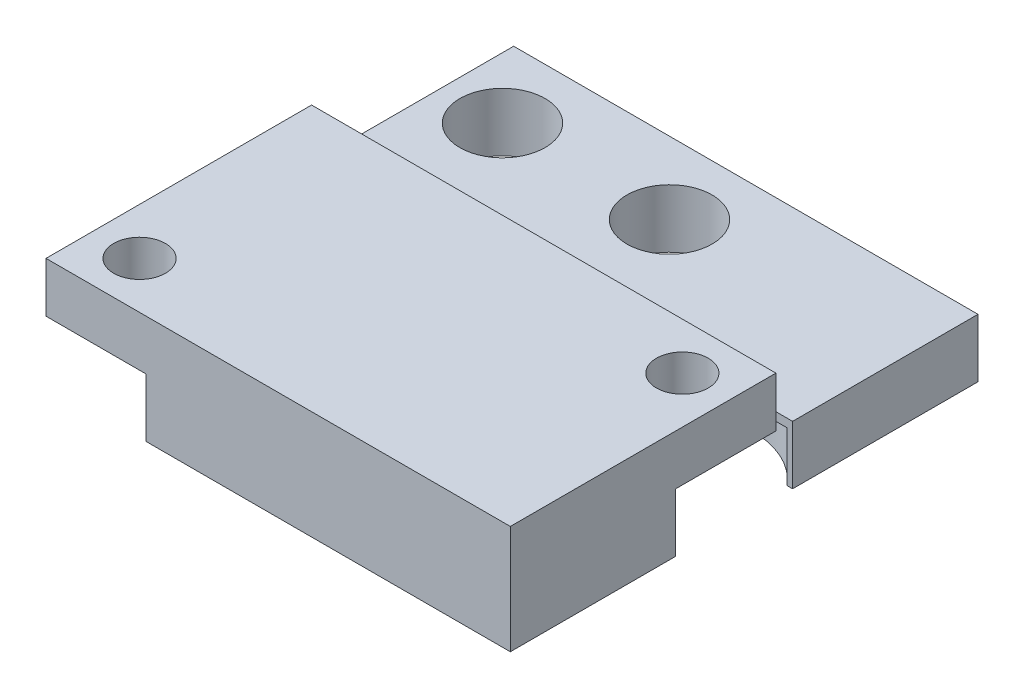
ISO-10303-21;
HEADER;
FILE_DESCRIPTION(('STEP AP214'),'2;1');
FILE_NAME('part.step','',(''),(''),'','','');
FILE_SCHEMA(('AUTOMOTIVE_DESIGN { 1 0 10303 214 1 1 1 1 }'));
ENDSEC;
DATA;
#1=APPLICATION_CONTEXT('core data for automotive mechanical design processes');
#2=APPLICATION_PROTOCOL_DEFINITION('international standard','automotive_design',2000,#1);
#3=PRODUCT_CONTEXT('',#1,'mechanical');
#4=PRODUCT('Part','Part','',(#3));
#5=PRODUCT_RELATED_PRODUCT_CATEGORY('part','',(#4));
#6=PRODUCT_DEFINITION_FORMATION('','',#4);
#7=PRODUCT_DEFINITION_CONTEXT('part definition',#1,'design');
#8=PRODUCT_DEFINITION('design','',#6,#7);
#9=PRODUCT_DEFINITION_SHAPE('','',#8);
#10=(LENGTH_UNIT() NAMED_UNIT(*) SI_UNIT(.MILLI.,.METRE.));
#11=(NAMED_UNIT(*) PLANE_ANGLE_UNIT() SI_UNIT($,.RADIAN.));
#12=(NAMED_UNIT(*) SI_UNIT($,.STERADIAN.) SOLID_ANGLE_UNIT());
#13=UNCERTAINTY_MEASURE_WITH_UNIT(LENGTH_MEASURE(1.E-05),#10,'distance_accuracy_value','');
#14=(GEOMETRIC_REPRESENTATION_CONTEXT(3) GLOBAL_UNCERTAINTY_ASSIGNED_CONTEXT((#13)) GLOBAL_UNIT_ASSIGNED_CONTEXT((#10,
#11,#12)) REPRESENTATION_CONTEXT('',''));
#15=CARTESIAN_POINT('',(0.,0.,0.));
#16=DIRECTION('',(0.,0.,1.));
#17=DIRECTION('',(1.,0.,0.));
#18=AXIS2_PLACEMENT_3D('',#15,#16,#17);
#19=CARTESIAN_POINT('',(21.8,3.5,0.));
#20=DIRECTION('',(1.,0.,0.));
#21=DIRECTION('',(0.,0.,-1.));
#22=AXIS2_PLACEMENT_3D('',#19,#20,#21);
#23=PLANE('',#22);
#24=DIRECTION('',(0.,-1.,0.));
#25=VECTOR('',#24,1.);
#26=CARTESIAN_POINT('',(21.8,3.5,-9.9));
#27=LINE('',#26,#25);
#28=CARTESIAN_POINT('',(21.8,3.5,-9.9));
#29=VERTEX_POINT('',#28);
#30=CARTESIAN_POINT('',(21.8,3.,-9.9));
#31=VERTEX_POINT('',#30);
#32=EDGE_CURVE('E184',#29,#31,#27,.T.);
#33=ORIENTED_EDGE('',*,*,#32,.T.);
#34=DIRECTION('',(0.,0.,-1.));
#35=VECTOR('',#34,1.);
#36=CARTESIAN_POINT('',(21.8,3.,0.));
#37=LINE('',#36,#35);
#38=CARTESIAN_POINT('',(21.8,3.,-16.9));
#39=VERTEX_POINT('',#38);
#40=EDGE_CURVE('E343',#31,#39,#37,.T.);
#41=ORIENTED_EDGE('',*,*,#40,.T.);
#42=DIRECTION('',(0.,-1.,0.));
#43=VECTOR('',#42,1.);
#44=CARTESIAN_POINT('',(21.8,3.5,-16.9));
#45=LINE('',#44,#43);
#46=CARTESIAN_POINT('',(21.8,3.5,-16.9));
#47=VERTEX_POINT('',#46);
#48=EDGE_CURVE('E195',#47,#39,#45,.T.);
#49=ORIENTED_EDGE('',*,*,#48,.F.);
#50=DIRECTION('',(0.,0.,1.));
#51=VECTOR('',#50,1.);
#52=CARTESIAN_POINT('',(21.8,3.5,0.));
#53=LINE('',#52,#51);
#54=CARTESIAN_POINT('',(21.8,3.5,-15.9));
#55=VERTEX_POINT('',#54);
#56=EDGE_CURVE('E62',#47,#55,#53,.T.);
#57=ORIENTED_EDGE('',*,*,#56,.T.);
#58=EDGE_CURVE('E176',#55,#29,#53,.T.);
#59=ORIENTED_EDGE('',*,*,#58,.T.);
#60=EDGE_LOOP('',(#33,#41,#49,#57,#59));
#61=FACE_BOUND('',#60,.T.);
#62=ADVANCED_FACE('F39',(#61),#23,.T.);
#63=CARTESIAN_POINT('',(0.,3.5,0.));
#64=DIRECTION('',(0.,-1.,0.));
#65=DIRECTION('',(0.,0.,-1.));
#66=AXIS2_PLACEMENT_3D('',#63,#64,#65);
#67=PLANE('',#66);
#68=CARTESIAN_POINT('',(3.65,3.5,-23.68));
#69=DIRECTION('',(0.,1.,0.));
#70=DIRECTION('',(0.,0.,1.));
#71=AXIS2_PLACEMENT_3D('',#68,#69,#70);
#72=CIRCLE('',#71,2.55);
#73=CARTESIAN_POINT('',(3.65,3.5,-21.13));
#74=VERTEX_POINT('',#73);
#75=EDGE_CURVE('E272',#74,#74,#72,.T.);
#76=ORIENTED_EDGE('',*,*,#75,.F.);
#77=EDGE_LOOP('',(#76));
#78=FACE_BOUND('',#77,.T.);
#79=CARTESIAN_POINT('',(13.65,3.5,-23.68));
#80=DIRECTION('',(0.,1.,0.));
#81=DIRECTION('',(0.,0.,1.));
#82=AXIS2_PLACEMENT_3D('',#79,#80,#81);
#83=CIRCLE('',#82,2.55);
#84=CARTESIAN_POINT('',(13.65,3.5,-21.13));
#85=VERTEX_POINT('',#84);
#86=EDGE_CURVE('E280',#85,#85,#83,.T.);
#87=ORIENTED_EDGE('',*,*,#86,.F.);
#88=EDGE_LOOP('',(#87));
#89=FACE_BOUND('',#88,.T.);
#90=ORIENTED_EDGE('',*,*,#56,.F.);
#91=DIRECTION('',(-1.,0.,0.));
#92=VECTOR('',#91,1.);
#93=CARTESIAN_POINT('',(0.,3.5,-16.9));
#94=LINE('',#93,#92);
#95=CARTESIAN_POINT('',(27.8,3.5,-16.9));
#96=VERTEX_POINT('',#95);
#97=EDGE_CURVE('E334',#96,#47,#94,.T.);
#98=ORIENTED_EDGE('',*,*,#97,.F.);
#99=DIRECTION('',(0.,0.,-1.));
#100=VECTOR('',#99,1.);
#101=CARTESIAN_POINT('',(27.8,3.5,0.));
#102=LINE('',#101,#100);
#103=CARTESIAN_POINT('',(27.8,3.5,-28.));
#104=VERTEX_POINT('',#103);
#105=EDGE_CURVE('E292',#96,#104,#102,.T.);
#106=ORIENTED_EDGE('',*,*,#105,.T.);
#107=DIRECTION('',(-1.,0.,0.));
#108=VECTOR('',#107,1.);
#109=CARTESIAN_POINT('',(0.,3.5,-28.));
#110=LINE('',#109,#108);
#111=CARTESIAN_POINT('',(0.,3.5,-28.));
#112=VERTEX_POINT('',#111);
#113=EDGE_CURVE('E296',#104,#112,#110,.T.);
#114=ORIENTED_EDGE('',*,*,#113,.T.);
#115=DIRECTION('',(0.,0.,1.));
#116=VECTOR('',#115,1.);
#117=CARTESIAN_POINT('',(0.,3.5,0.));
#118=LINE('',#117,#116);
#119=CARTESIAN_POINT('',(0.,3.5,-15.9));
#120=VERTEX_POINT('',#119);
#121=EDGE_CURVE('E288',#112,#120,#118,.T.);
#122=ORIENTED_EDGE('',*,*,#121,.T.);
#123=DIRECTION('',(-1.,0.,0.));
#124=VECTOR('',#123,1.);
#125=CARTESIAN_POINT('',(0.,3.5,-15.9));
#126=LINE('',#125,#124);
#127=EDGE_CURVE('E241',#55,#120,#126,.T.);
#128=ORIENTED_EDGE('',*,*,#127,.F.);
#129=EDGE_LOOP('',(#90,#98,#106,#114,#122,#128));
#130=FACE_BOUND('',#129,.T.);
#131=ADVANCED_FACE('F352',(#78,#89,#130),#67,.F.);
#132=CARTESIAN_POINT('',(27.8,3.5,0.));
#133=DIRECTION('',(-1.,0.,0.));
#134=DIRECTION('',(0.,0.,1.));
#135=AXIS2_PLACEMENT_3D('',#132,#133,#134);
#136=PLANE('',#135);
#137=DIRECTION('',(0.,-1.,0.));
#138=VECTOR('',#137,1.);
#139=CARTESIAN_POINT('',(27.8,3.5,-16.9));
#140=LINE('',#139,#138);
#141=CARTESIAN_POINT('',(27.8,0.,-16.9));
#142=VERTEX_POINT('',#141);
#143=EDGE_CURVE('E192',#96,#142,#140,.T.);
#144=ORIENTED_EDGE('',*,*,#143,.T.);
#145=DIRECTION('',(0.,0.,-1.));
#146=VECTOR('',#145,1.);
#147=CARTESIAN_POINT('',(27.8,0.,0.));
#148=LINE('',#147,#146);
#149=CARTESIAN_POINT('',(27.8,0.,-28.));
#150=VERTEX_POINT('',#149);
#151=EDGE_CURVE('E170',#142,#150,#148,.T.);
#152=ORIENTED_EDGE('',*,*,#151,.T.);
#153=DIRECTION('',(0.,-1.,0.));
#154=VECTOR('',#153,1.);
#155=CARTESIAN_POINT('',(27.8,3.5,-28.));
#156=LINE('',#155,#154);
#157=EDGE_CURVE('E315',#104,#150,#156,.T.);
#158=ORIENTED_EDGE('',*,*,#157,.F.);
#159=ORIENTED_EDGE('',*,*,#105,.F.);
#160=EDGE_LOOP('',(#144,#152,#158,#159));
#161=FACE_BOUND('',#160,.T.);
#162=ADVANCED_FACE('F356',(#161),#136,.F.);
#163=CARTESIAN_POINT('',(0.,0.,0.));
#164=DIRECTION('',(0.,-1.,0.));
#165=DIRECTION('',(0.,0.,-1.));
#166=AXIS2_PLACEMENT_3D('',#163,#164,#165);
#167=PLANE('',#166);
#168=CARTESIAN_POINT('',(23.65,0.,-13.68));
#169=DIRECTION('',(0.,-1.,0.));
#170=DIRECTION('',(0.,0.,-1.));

================

Looking at the entries above, can you reproduce exactly the lines from the one that holds "#91=DIRECTION('',(-1.,0.,0.));" through the one that holds "#110=LINE('',#109,#108);", and only those?

#91=DIRECTION('',(-1.,0.,0.));
#92=VECTOR('',#91,1.);
#93=CARTESIAN_POINT('',(0.,3.5,-16.9));
#94=LINE('',#93,#92);
#95=CARTESIAN_POINT('',(27.8,3.5,-16.9));
#96=VERTEX_POINT('',#95);
#97=EDGE_CURVE('E334',#96,#47,#94,.T.);
#98=ORIENTED_EDGE('',*,*,#97,.F.);
#99=DIRECTION('',(0.,0.,-1.));
#100=VECTOR('',#99,1.);
#101=CARTESIAN_POINT('',(27.8,3.5,0.));
#102=LINE('',#101,#100);
#103=CARTESIAN_POINT('',(27.8,3.5,-28.));
#104=VERTEX_POINT('',#103);
#105=EDGE_CURVE('E292',#96,#104,#102,.T.);
#106=ORIENTED_EDGE('',*,*,#105,.T.);
#107=DIRECTION('',(-1.,0.,0.));
#108=VECTOR('',#107,1.);
#109=CARTESIAN_POINT('',(0.,3.5,-28.));
#110=LINE('',#109,#108);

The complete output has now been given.